What the task requires:
All lines below containing "dxfattribs" are to be listed.

==== Exercise data

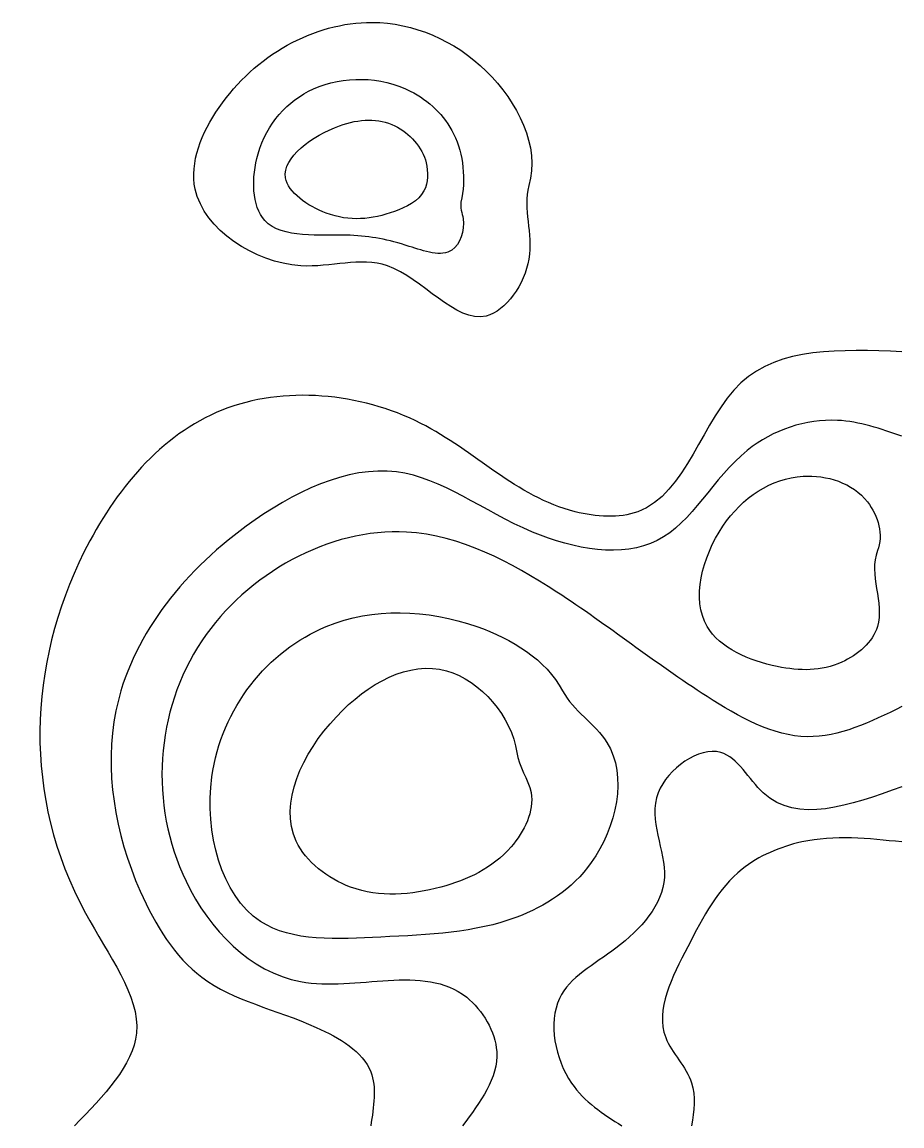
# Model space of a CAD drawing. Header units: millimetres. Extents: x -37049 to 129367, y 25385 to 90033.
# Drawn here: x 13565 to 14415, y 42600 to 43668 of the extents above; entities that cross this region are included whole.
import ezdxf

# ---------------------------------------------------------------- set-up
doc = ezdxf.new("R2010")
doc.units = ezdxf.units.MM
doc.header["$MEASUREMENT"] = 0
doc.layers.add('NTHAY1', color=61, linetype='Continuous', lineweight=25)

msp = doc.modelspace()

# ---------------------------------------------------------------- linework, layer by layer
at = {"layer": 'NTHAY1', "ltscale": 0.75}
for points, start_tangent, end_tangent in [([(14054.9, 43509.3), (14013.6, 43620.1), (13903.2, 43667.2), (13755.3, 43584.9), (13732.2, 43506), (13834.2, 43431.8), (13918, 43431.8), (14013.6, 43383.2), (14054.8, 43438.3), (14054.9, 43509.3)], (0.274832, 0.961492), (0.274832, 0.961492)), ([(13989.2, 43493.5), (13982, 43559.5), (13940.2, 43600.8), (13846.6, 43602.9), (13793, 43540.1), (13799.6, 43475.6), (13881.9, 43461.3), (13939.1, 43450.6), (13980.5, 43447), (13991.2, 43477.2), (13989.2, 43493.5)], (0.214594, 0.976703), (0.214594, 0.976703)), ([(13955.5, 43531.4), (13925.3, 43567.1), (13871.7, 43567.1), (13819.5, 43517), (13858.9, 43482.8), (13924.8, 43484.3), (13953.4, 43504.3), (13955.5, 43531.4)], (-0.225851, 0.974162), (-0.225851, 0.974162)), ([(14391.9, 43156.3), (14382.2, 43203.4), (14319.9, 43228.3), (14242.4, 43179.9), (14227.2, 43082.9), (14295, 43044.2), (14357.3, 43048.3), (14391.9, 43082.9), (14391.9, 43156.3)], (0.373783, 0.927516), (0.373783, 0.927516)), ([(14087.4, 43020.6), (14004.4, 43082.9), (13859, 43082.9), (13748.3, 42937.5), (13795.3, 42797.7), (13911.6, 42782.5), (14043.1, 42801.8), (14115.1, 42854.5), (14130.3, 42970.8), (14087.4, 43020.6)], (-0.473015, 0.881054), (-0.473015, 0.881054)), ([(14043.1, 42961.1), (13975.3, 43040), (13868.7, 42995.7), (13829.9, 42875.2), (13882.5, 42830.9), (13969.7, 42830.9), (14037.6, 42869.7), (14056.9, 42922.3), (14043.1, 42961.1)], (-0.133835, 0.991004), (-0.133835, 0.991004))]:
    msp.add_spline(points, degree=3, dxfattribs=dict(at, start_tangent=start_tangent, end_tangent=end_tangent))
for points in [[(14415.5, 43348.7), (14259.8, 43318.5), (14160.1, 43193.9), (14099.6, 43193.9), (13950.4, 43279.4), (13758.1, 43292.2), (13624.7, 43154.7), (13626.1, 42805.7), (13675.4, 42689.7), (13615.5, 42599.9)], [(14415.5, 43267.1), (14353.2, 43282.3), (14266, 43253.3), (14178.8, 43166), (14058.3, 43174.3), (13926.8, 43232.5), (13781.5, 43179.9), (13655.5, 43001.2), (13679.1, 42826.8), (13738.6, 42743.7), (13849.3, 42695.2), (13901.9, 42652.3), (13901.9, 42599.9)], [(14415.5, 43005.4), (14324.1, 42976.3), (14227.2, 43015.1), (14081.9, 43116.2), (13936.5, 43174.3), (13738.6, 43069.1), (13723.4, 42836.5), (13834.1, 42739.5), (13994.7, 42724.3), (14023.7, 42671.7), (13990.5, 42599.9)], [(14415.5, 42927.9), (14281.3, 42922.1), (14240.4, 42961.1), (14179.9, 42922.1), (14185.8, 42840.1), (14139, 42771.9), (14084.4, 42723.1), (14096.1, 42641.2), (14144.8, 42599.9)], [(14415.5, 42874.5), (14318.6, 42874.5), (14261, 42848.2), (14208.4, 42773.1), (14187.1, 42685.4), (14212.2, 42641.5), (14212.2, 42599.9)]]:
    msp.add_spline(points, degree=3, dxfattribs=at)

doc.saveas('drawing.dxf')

========

Solved exercise:
    msp.add_spline(points, degree=3, dxfattribs=dict(at, start_tangent=start_tangent, end_tangent=end_tangent))
    msp.add_spline(points, degree=3, dxfattribs=at)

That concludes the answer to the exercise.